La muerte naturalmente es un acontecimiento que no nos deja indiferentes. Cuánto más cerca se está del que parte, más dolor y sufrimiento provoca su separación. Y si la proximidad, además de la física, es sentimental, origina un terremoto inefable. Pero hay muertes y muertes. Las hay, voy a poner el caso de artistas y políticos.
El deceso de un artista es una tragedia de dimensiones cósmicas. Aunque no se les conozca físicamente, existe la conciencia de que la idea de no disfrutar más de su producción artística es una pérdida irreparable. El mundo llora a sus escogidos, hay suicidios (siempre hay exagerados) y discursos grandilocuentes de gente de toda clase.
Eso sucedió con John Lennon y recientemente con Michael Jackson y Steve Jobs. ¿Snobismo? ¿Pantalla? ¿Ridículo? A veces quizá sí, pero no podemos negar que la humanidad suele ser sensible y agradecida con sus genios. Echamos de menos todavía, por ejemplo, a las mentes lúcidas que brillaron en el siglo XX: Einstein, Dalí, Picasso, Camus, Sartre, Wittgenstein, Chaplin, Borges, Mann, Neruda, Mercury y un etcétera que nos pone nostálgicos.
El artista es una especie de luz divina que en el aburrido mundo del quehacer humano testimonia el amor de Dios por sus criaturas. Una teoría científica, por ejemplo, no hace sino demostrar la complejidad del misterio, el infinito atisbado por la partícula humana. Una ópera no expresa con su embeleso, aquí y ahora, sólo un sentimiento íntimo, sino que participa de la melodía universal, el canto que forma parte de la partitura que trasciende lo finito.
Lo más cerca a los dioses son los artistas. Pero, ¿y los políticos? ¿Qué sucede en el universo cuando mueren? Nada, no pasa nada. Los políticos son absolutamente prescindibles. Es más, con toda certeza, como dice el Evangelio, cuando fallecen hay fiesta y banquete en el cielo. No porque sean bienvenidos, sino por la solidaridad que existe entre el cielo y la Tierra.
Pero no nos equivoquemos. No quiere decir que los políticos no sean importantes. Sí que lo son. De hecho, pocos parecen influir tanto sobre la gente como ellos. Imagínese lo que afectaron con sus actos sujetos como Hitler, Mussolini, Franco o Somoza, entre tantos. Pero importantes no quiere decir valiosos. Un artista vale, su peso específico es reconocido por la gente que los llora, pero un político es una nimiedad a la par de aquellos.

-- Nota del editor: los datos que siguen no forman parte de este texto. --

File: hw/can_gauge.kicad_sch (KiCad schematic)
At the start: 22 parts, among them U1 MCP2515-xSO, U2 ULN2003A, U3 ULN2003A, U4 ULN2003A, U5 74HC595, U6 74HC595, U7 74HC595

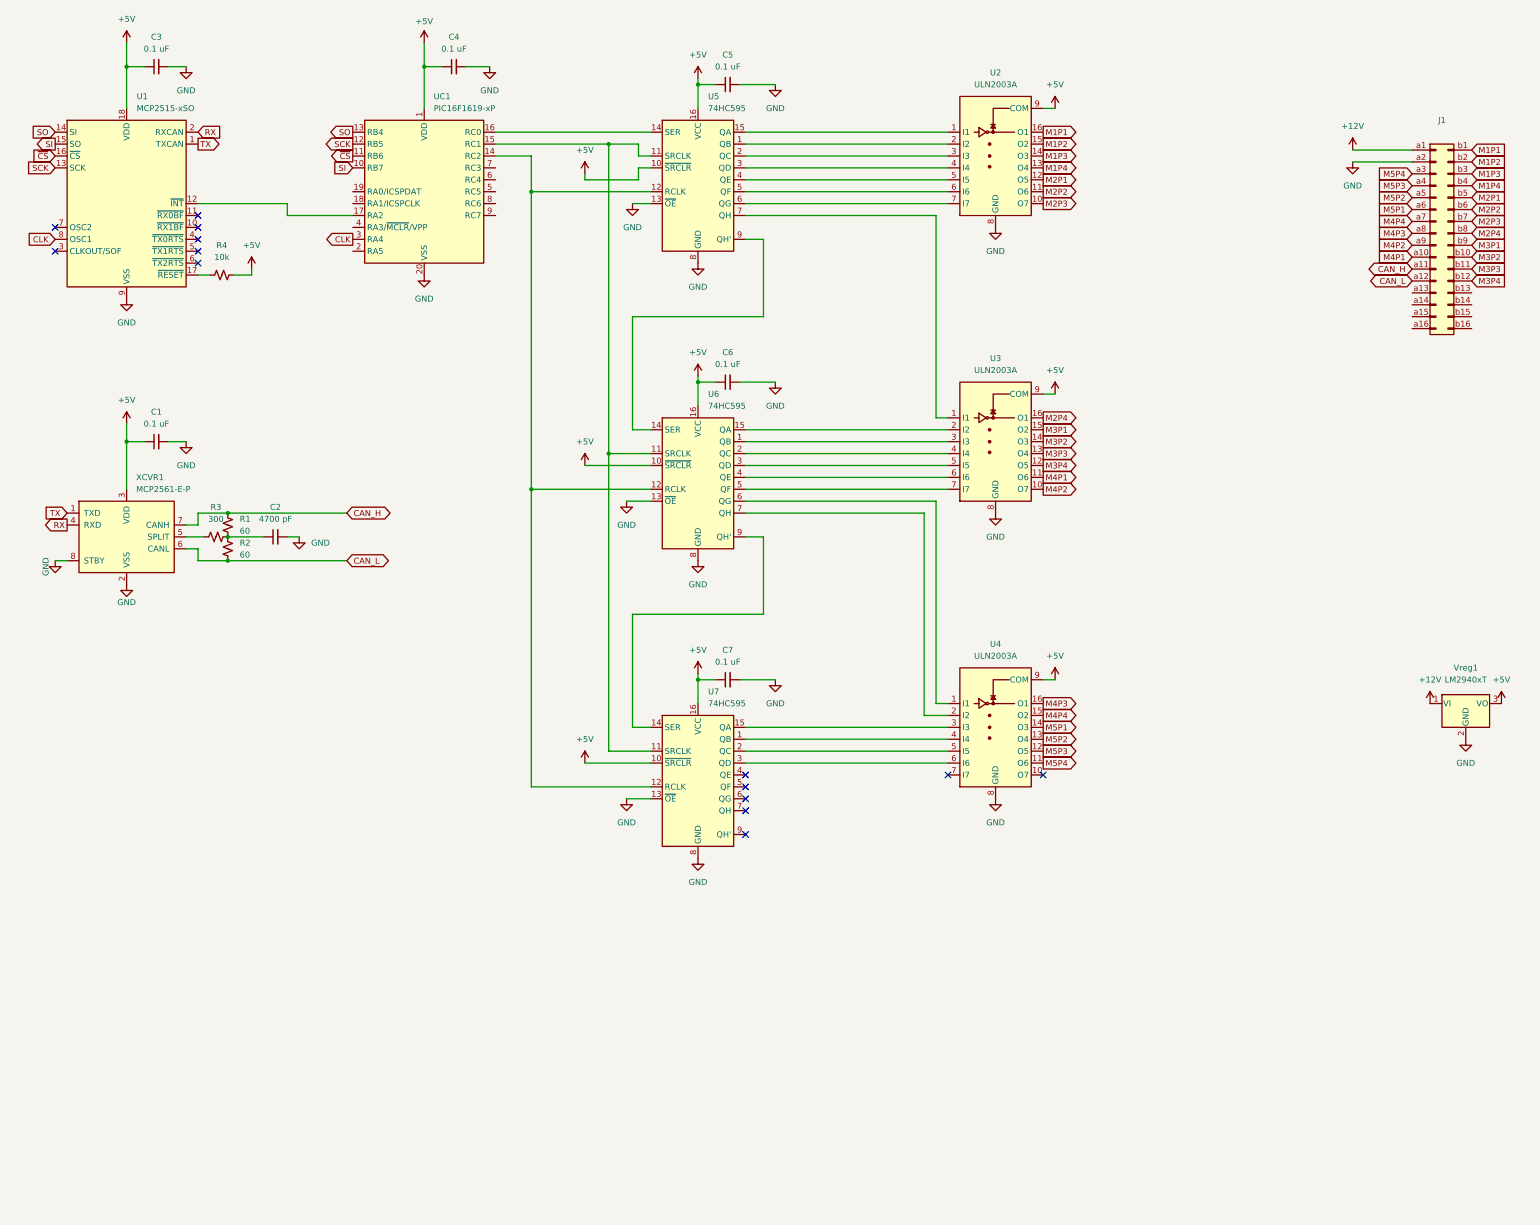
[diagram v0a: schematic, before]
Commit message: hw: switch to pic16f1459
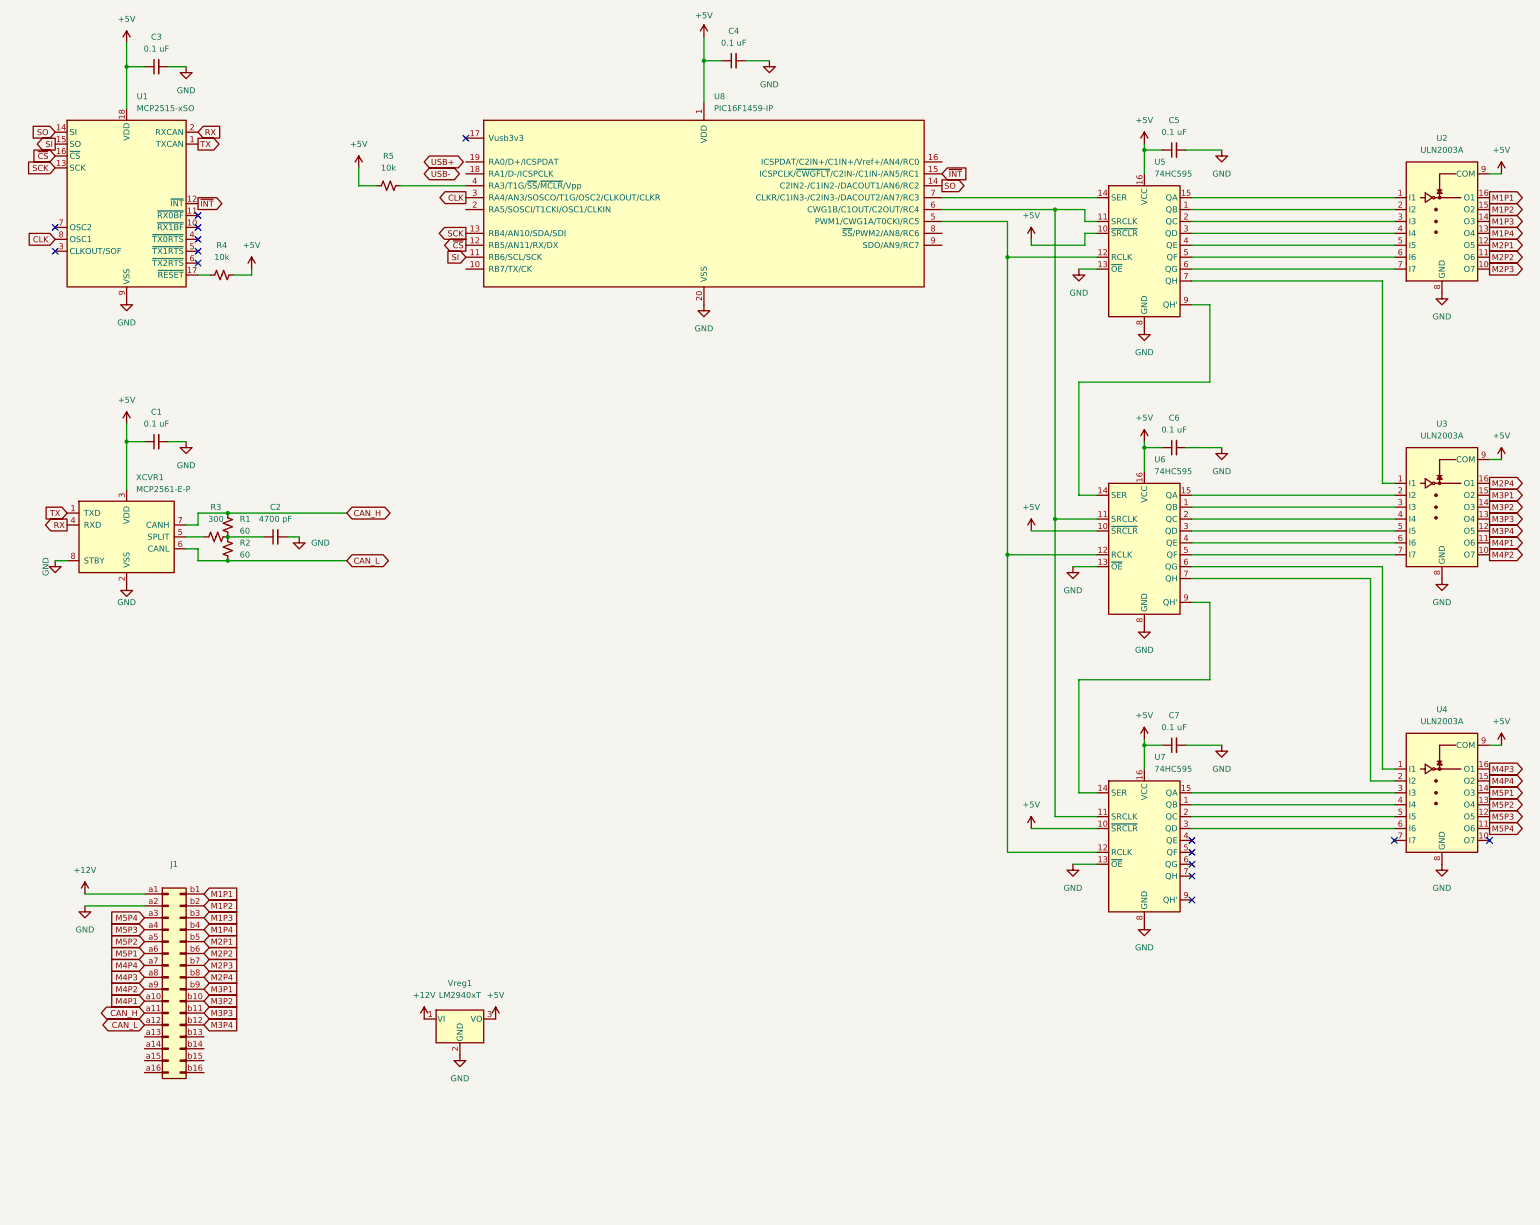
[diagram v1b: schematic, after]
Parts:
- removed UC1: PIC16F1619-xP, Package_DIP:DIP-20_W7.62mm, symbol MCU_Microchip_PIC16:PIC16F1619-xP
- added R5: 10k, symbol Device:R_Small_US
- added U8: PIC16F1459-IP, symbol MCU_Microchip_PIC16:PIC16F1459-IP
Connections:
- net +5V: now also R5.1, U8.1 (VDD)
- net CLK: now also U8.3 (RA4/AN3/SOSCO/T1G/OSC2/CLKOUT/CLKR)
- net GND: now also U8.20 (VSS)
- net SCK: now also U8.13 (RB4/AN10/SDA/SDI)
- net SI: now also U8.11 (RB6/SCL/SCK)
- net SO: now also U8.14 (C2IN2-/C1IN2-/DACOUT1/AN6/RC2)
- net ~{CS}: now also U8.12 (RB5/AN11/RX/DX)
- net at U5.11 (SRCLK), U6.11 (SRCLK), U7.11 (SRCLK): now also U8.6 (CWG1B/C1OUT/C2OUT/RC4)
- net at U5.12 (RCLK), U6.12 (RCLK), U7.12 (RCLK): now also U8.5 (PWM1/CWG1A/T0CKI/RC5)
- net at U5.14 (SER): now also U8.7 (CLKR/C1IN3-/C2IN3-/DACOUT2/AN7/RC3)
- net ~{INT}: now reaches U1.12 (~{INT})
- net ~{INT}: now also U8.15 (ICSPCLK/~{CWGFLT}/C2IN-/C1IN-/AN5/RC1)
- new net: R5.2, U8.4 (RA3/T1G/~{SS}/~{MCLR}/Vpp)
- no-connect marks 14 -> 15
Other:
- moved on the sheet: C4, C5, C6, C7, J1, U2, U3, U4, U5, U6, U7, Vreg1

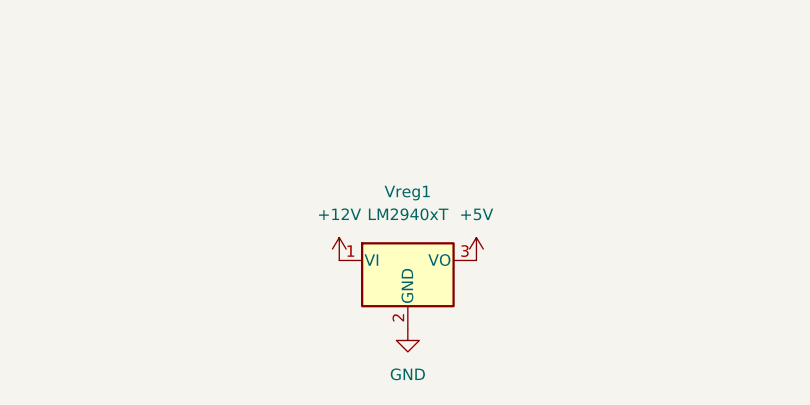
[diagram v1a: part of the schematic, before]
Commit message: hw: ldo caps
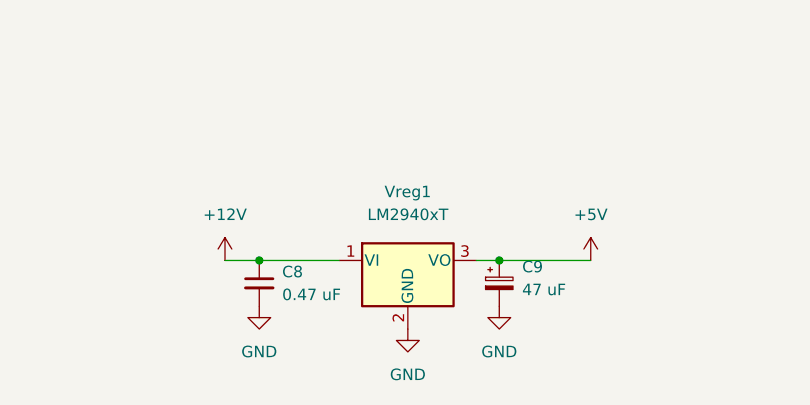
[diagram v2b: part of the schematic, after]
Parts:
- added C8: 0.47 uF, Capacitor_THT:C_Disc_D5.0mm_W2.5mm_P2.50mm, symbol Device:C_Small
- added C9: 47 uF, symbol Device:C_Polarized_Small
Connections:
- net +12V: now also C8.1
- net +5V: now also C9.1
- net GND: now also C8.2, C9.2

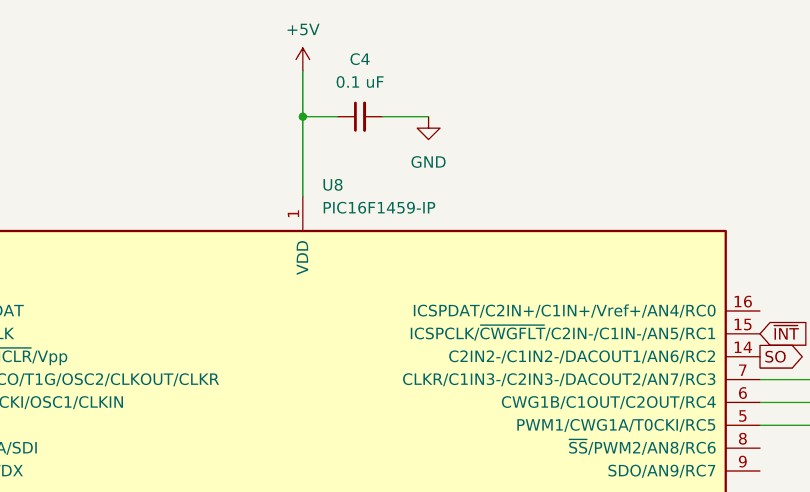
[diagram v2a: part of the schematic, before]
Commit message: hw: rename ICs
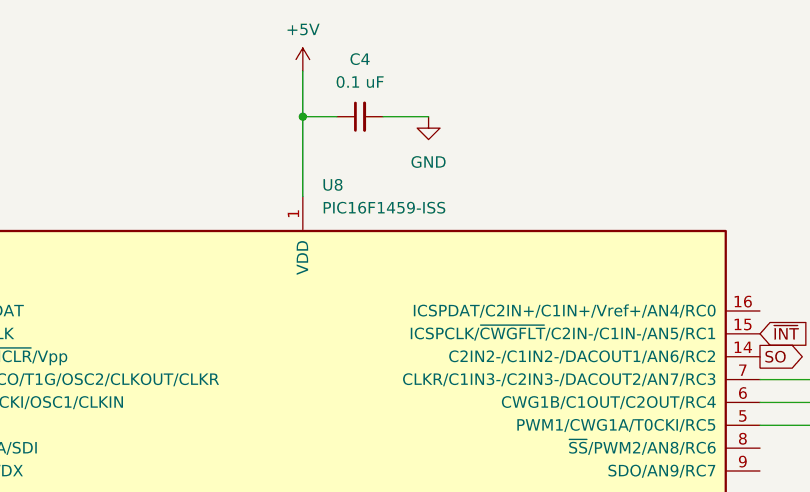
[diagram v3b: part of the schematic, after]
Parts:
- removed U8: PIC16F1459-IP, symbol MCU_Microchip_PIC16:PIC16F1459-IP
- added U8: PIC16F1459-ISS, symbol MCU_Microchip_PIC16:PIC16F1459-ISS
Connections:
- net +5V: now also U8.1 (VDD)
- net CLK: now also U8.3 (RA4/AN3/SOSCO/T1G/OSC2/CLKOUT/CLKR)
- net GND: now also U8.20 (VSS)
- net SCK: now also U8.13 (RB4/AN10/SDA/SDI)
- net SI: now also U8.11 (RB6/SCL/SCK)
- net SO: now also U8.14 (C2IN2-/C1IN2-/DACOUT1/AN6/RC2)
- net ~{CS}: now also U8.12 (RB5/AN11/RX/DX)
- net ~{INT}: now also U8.15 (ICSPCLK/~{CWGFLT}/C2IN-/C1IN-/AN5/RC1)
- net at R5.2: now also U8.4 (RA3/T1G/~{SS}/~{MCLR}/Vpp)
- net at U5.12 (RCLK), U6.12 (RCLK), U7.12 (RCLK): now also U8.5 (PWM1/CWG1A/T0CKI/RC5)
- net at U5.11 (SRCLK), U6.11 (SRCLK), U7.11 (SRCLK): now also U8.6 (CWG1B/C1OUT/C2OUT/RC4)
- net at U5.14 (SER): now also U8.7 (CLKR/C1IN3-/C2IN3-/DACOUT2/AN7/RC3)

Por esta razón no lloramos a los políticos. Bueno, algunos si se ponen lacrimógenos, pero es que algunos lloran por cualquier cosa. Y claro que hay políticos que valen una pizca de más (también hay jerarquía entre ellos), pero de esos no tenemos en Guatemala. Entre nosotros hay justicia: todos valen, pero un comino. Por eso muchos no lloraron ni llorarán a nuestros filisteos políticos cuando un día el Creador decida poner fin a sus vidas.
Se puede hacer de la política un arte, pero todavía no llegamos a eso. En Guatemala la política es un deporte barato, es una especie de circo romano en el que el vencedor es el más burdo, ordinario y rastrero. Y el panteón de la historia no registra a los obtusos.